Graph Theory

[Neospectrum]

How would one go about proving that in k17 you will always get a monochromatic k3 using 3 colors.

[gumpzilla]

Are K17 and K3 the complete graphs on 17 and 3 vertices? I'm assuming not because otherwise this seems trivial.

[blah_blah]

yes they are, no it's not trivial.

pick a vertex v, without loss of generality it has at least 6 adjacent edges of color c_1 of the form {vv1,vv2,...vv6}. If any of {v1v2,v2v3,...,v5v6} are colored c1, we're done. assume not, so that all of them get colors c2 or c3. by the friendship theorem, there is a monochromatic triangle in color c2 or c3 from {v1v2,v2v3,...,v5v6}, whence the result follows.

[Neospectrum]

The friendship theorem part is where it gets a little complicated and hazy for me maybe someone could give a bit more in depth analysis. That cleared up the first step for me by the way it was a big help.

[blah_blah]

[ QUOTE ]
The friendship theorem part is where it gets a little complicated and hazy for me maybe someone could give a bit more in depth analysis. That cleared up the first step for me by the way it was a big help.

[/ QUOTE ]

there is a proof on the wikipedia page; it's really quite a simple proof.

[jay_shark]

Here is my proof . It uses the pigeonhole principle .

Pick any vertex . There are 16 edges emanating from that vertex . From the pigeonhole principle there exists 6 edges of the same color . (16/3>=5) . Lets say it is red .

Now pick a vertex from one of the 6 edges different from the original vertex . There are 5 lines that emanate from that vertex and so 3 of them have to be the same color . Lets say it is blue . Now the endpoints of the blue edges form a triangle that must be monochromatic . Do you see why ?

[jay_shark]

I remember when I had to prepare for the Putnam contest , there was a practice problem about proving or disproving that there exists a monochromatic triangle if you have 16 edges .

[Neospectrum]

Think I am getting it. The friendship proof is very simple its just translating that principle to three colors thats whats bothering me.

[Siegmund]

The friendship proof is a two-colour result.

Perhaps what you're missing is that you started with six lines from A to B,C,D,E,F,G, all red. If any one of BC,BD,BE,BF,BG,CD,CE,CF,CG,DE,DF,DG,EF,EG,FG is red, you're done. If ALL of these are either green or blue, apply the friendship principle, assemble a green or blue triangle from these 15 segments.

Spelling it out in more detail... look at BC, BD, BE, BF, and BG. If these 5 are all either green or blue, there is a set of 3 the same colour among them. WLOG let's say that BC, BD, and BE are green.
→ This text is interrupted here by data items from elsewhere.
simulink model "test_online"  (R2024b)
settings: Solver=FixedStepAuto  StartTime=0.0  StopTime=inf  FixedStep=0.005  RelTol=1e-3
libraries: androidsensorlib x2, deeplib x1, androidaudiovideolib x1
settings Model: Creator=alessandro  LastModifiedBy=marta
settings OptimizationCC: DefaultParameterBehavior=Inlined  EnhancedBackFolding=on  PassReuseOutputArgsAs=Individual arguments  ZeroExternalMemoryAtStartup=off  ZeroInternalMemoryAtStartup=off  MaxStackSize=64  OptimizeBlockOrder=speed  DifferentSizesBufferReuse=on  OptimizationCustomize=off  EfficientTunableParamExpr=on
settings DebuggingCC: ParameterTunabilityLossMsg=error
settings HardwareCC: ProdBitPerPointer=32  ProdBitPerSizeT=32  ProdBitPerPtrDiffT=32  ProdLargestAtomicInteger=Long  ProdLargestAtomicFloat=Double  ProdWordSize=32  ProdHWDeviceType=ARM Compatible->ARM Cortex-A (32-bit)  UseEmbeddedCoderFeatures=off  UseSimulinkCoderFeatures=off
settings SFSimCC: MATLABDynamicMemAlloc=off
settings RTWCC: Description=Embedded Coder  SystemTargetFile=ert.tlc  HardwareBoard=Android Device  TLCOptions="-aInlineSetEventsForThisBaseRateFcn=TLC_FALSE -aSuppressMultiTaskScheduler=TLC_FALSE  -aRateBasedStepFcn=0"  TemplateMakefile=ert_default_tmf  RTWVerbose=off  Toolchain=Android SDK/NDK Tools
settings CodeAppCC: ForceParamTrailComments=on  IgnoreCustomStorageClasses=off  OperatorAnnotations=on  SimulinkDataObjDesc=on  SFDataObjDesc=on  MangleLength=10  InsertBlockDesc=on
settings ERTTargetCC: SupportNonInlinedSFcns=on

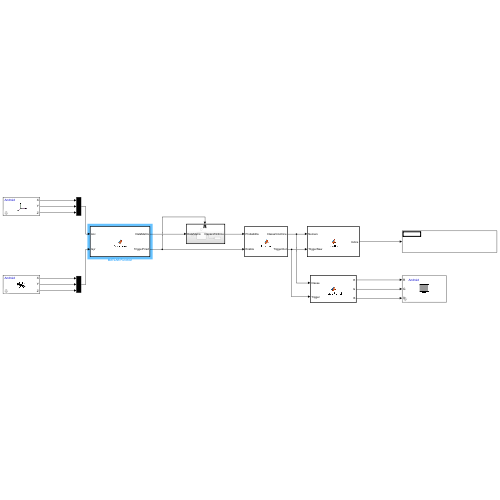
[thumbnail: Simulink's stored preview of the top-level diagram]
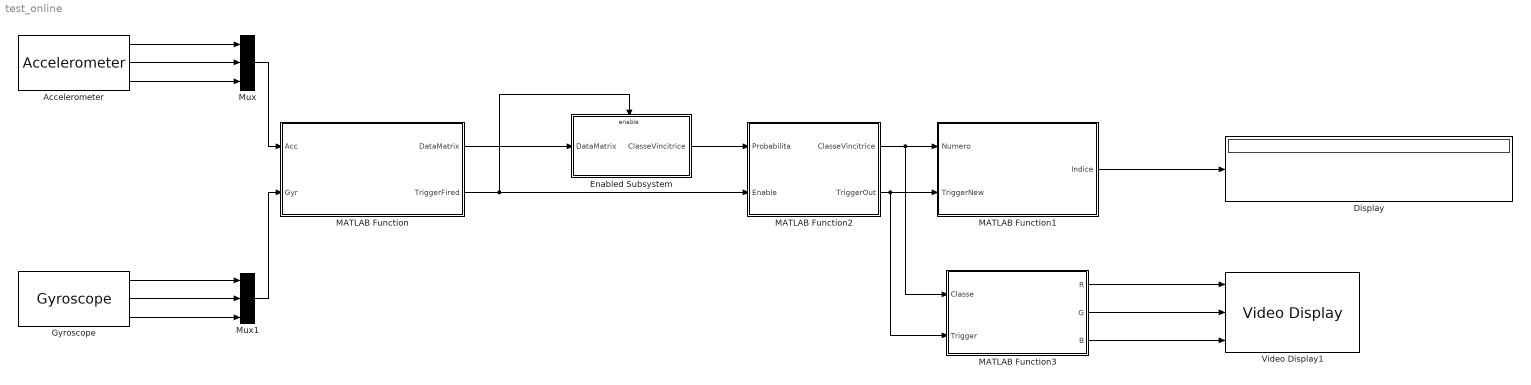
== system test_online ==
  Accelerometer : androidsensorlib/Accelerometer  OutputVector=off  SampleTime=0.005  BlockPlatform=Android
  Display : Display
  Enabled Subsystem : Subsystem  TreatAsAtomicUnit=on
  Gyroscope : androidsensorlib/Gyroscope  OutputVector=off  SampleTime=0.005  BlockPlatform=Android
  MATLAB Function : MATLAB Function  TreatAsAtomicUnit=on
  MATLAB Function1 : MATLAB Function  TreatAsAtomicUnit=on
  MATLAB Function2 : MATLAB Function  TreatAsAtomicUnit=on
  MATLAB Function3 : MATLAB Function  TreatAsAtomicUnit=on
  Mux : Mux  Inputs=3
  Mux1 : Mux  Inputs=3
  Video Display1 : androidaudiovideolib/Video Display  BlockPlatform=Android
  wires:
  MATLAB Function/1(DataMatrix) -> Enabled Subsystem/1(DataMatrix)
  MATLAB Function/2(TriggerFired) -> MATLAB Function2/2(Enable), Enabled Subsystem/Enable
  Accelerometer/1 -> Mux/1
  Accelerometer/2 -> Mux/2
  Accelerometer/3 -> Mux/3
  Mux/1 -> MATLAB Function/1(Acc)
  Gyroscope/1 -> Mux1/1
  Gyroscope/2 -> Mux1/2
  Gyroscope/3 -> Mux1/3
  Mux1/1 -> MATLAB Function/2(Gyr)
  Enabled Subsystem/1(ClasseVincitrice) -> MATLAB Function2/1(Probabilita)
  MATLAB Function2/1(ClasseVincitrice) -> MATLAB Function3/1(Classe), MATLAB Function1/1(Numero)
  MATLAB Function2/2(TriggerOut) -> MATLAB Function1/2(TriggerNew), MATLAB Function3/2(Trigger)
  MATLAB Function1/1(Indice) -> Display/1
  MATLAB Function3/1(R) -> Video Display1/1
  MATLAB Function3/2(G) -> Video Display1/2
  MATLAB Function3/3(B) -> Video Display1/3

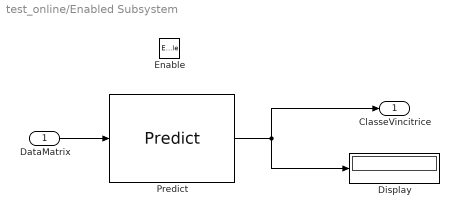
== system test_online/Enabled Subsystem ==
  DataMatrix : Inport
  Enable : EnablePort
  Display : Display
  Predict : deeplib/Predict  Network=Network from MAT-file  NetworkFunction=squeezenet  NetworkFilePath=Rete_CNN_Finale.mat  MiniBatchSize=128  InputDataFormats={ 'input', 'TCB' }  Predictions=on  Activations={}  ForceInterpretedSim=off  EnableDLNetwork=on  LastKnownNetworkFilePath='Rete_CNN_Finale.mat'  LastKnownNetworkTimeStamp=739962.956712962943129241466522216796875
  ClasseVincitrice : Outport
  wires:
  DataMatrix/1 -> Predict/1
  Predict/1 -> Display/1, ClasseVincitrice/1

== matlab function test_online/MATLAB Function ==
  data: Acc input; DataMatrix output; Gyr input; TriggerFired output
function [DataMatrix, TriggerFired] = Processor_Complete(Acc, Gyr)
    Acc = double(Acc(:)).';
    Gyr = double(Gyr(:)).';

    persistent buffer_acc buffer_gyr
    persistent state counter
    persistent baseline_ema
    persistent b_filt a_filt
    persistent z_state          
    persistent startup_timer
    persistent ema_state        

    % --- PARAMETRI ---
    FS = 200;

    WIN_LEN  = 401;
    POST_SEC = 1.0;
    SAMPLES_POST = round(POST_SEC * FS);

    WARMUP_TIME = WIN_LEN;

    % Trigger baseline EMA
    ALPHA_BASELINE = 0.01;
    K_SOGLIA = 2;
    SOGLIA_MIN = 0.1;

    % Smoothing EMA segnale
    ALPHA_SMOOTH = 0.2;

    % --- OUTPUT DEFAULT ---
    TriggerFired = false;
    DataMatrix   = zeros(WIN_LEN, 6, 'single');

    % --- INIZIALIZZAZIONE ---
    if isempty(buffer_acc)
        buffer_acc = zeros(WIN_LEN, 3);
        buffer_gyr = zeros(WIN_LEN, 3);

        state   = 0;
        counter = 0;

        baseline_ema = 0.0;
        startup_timer = WARMUP_TIME;

        [b_filt, a_filt] = butter(2, [0.5 20] / (FS/2), 'bandpass');

        nf = max(length(a_filt), length(b_filt)) - 1;
        z_state = zeros(nf, 6);

        ema_state = zeros(1, 6);
    end

    % --- COSTRUISCI CAMPIONE 1x6 ---
    raw_input = [Acc, Gyr];  % 1x6

    % --- FILTRAGGIO ONLINE CANALE-PER-CANALE ---
    filt_sample = zeros(1, 6);

    for ch = 1:6
        % filtra un campione scalare
        [y, zf] = filter(b_filt, a_filt, raw_input(ch), z_state(:,ch));
        filt_sample(ch) = y;
        z_state(:,ch) = zf;
    end

    % --- SMOOTHING EMA SUI 6 CANALI ---
    ema_state = (1 - ALPHA_SMOOTH) * ema_state + ALPHA_SMOOTH * filt_sample;
    smooth_sample = ema_state;

    Acc_Filt = smooth_sample(1:3);
    Gyr_Filt = smooth_sample(4:6);

    % --- AGGIORNAMENTO BUFFER ---
    buffer_acc = [buffer_acc(2:end, :); Acc_Filt];
    buffer_gyr = [buffer_gyr(2:end, :); Gyr_Filt];

    % --- WARMUP (aggiorna baseline) ---
    acc_y = abs(Acc_Filt(2));

    if startup_timer > 0
        baseline_ema = (1 - ALPHA_BASELINE) * baseline_ema + ALPHA_BASELINE * acc_y;
        startup_timer = startup_timer - 1;
        return;
    end

    % --- SOGLIA ADATTIVA ---
    baseline_ema = (1 - ALPHA_BASELINE) * baseline_ema + ALPHA_BASELINE * acc_y;
    soglia = K_SOGLIA * baseline_ema;
    if soglia < SOGLIA_MIN
        soglia = SOGLIA_MIN;
    end

    % --- MACCHINA A STATI ---
    if state == 0
        if acc_y > soglia
            state = 1;
            counter = 0;
        end

    else % state == 1
        counter = counter + 1;

        if counter >= SAMPLES_POST
            % --- Z-SCORE SU FINESTRA ---
            mu_a  = mean(buffer_acc, 1);
            sig_a = std(buffer_acc, 0, 1);
            mu_g  = mean(buffer_gyr, 1);
            sig_g = std(buffer_gyr, 0, 1);

            sig_a(sig_a == 0) = 1;
            sig_g(sig_g == 0) = 1;

            a_norm = (buffer_acc - mu_a) ./ sig_a;
            g_norm = (buffer_gyr - mu_g) ./ sig_g;

            DataMatrix   = single([a_norm, g_norm]);
            TriggerFired = true;

            state = 0;
            counter = 0;
        end
    end
end

== matlab function test_online/MATLAB Function2 ==
  data: Probabilita input; ClasseVincitrice output; Enable input; TriggerOut output
function [ClasseVincitrice, TriggerOut] = Decisore(Probabilita, Enable)
    % INPUT: 
    % - Probabilita: vettore uscita dalla rete
    % - Enable: il segnale 'TriggerFired' che esce dal blocco Processor

    SOGLIA = 0.80; 

    % Se il Processor dice che NON c'è un nuovo pugno (Enable=0),
    % ignoriamo completamente cosa dice la rete (che potrebbe essere bloccata a 1).
    if Enable == 0
        ClasseVincitrice = 0; % Riposo forzato
        TriggerOut = 0;
        return; % Usciamo subito
    end

    % --- Se siamo qui, il Trigger è ATTIVO, analizziamo le probabilità ---
    if Probabilita(1) > SOGLIA
        ClasseVincitrice = 1; % JAB
        TriggerOut = 1;      
    elseif Probabilita(2) > SOGLIA
        ClasseVincitrice = 2; % MONTANTE
        TriggerOut = 1;       
    else
        ClasseVincitrice = 0; 
        TriggerOut = 0;
    end
end

== matlab function test_online/MATLAB Function1 ==
  data: Numero input; Indice output; TriggerNew input
function Indice = Traduttore(Numero, TriggerNew)
    % Output: 0, 1, 2 (Numeri interi)
    % NON usare stringhe qui dentro!
    
    persistent Timer ValoreSalvato
    DURATA_SCRITTA = 600; 
    
    if isempty(Timer)
        Timer = 0;
        ValoreSalvato = 0;
    end
    
    Num = double(Numero);
    Trig = double(TriggerNew);
    
    if Trig > 0
        ValoreSalvato = Num;
        Timer = DURATA_SCRITTA;
    end
    
    if Timer > 0
        Timer = Timer - 1;
        Indice = ValoreSalvato;
    else
        Indice = 0; 
    end
end

== matlab function test_online/MATLAB Function3 ==
  data: Classe input; R output uint8 size=[640 480]; G output uint8 size=[640 480]; B output uint8 size=[640 480]; Trigger input
function [R, G, B] = ImagePanel(Classe, Trigger)
    % INPUT: Classe (0,1,2), Trigger (0,1)
    % OUTPUT: Matrici Sicure 640x480
    
    persistent R_Jab G_Jab B_Jab
    persistent R_Mont G_Mont B_Mont
    persistent R_Fermo G_Fermo B_Fermo
    persistent Timer ClasseBloccata
    
    % --- NUOVE DIMENSIONI SICURE ---
    H = 640; % Altezza
    W = 480; % Larghezza
    HOLD_TIME = 200; 
    
    % --- INIZIALIZZAZIONE ---
    if isempty(R_Jab)
        Timer = 0;
        ClasseBloccata = 0;
        
        % Pre-allocazione
        Dummy = zeros(H, W, 'uint8');
        R_Jab=Dummy; G_Jab=Dummy; B_Jab=Dummy;
        R_Mont=Dummy; G_Mont=Dummy; B_Mont=Dummy;
        R_Fermo=Dummy; G_Fermo=Dummy; B_Fermo=Dummy;

        % Caricamento
        Pack = coder.load('dati.mat');
        
        % ESTRAZIONE (Taglio sicuro)
        RawJ = Pack.J;
        R_Jab = RawJ(1:H, 1:W, 1); G_Jab = RawJ(1:H, 1:W, 2); B_Jab = RawJ(1:H, 1:W, 3);
        
        RawM = Pack.M;
        R_Mont = RawM(1:H, 1:W, 1); G_Mont = RawM(1:H, 1:W, 2); B_Mont = RawM(1:H, 1:W, 3);
        
        RawF = Pack.F;
        R_Fermo = RawF(1:H, 1:W, 1); G_Fermo = RawF(1:H, 1:W, 2); B_Fermo = RawF(1:H, 1:W, 3);
    end
    
    % --- LOGICA TRIGGER (Resto invariato) ---
    ClasseIn = double(Classe);
    if Trigger > 0 && ClasseIn > 0
        ClasseBloccata = ClasseIn;
        Timer = HOLD_TIME;
    end
    
    if Timer > 0
        Timer = Timer - 1;
        Show = ClasseBloccata;
    else
        Show = 0; 
    end
    
    % --- OUTPUT ---
    if Show == 1
        R = R_Jab; G = G_Jab; B = B_Jab;
    elseif Show == 2
        R = R_Mont; G = G_Mont; B = B_Mont;
    else
        R = R_Fermo; G = G_Fermo; B = B_Fermo;
    end
end

Now, consider the lines CD, CE, and DE.
If any one of these is red, it forms a red triangle, since AC, AD, and AE are red.
If any one of these is green, it forms a green triangle, and BC, BD, and BE are green.
If all three of these is blue, CDE is a blue triangle.

[Neospectrum]

Alright I am there, thanks guys really appreciate the help. One last question is there a general statement that can be made that there exists a "best" Kn graph containing a monochromatic K3 coloring for some integer X colors. Or am I making any sense for that matter of fact?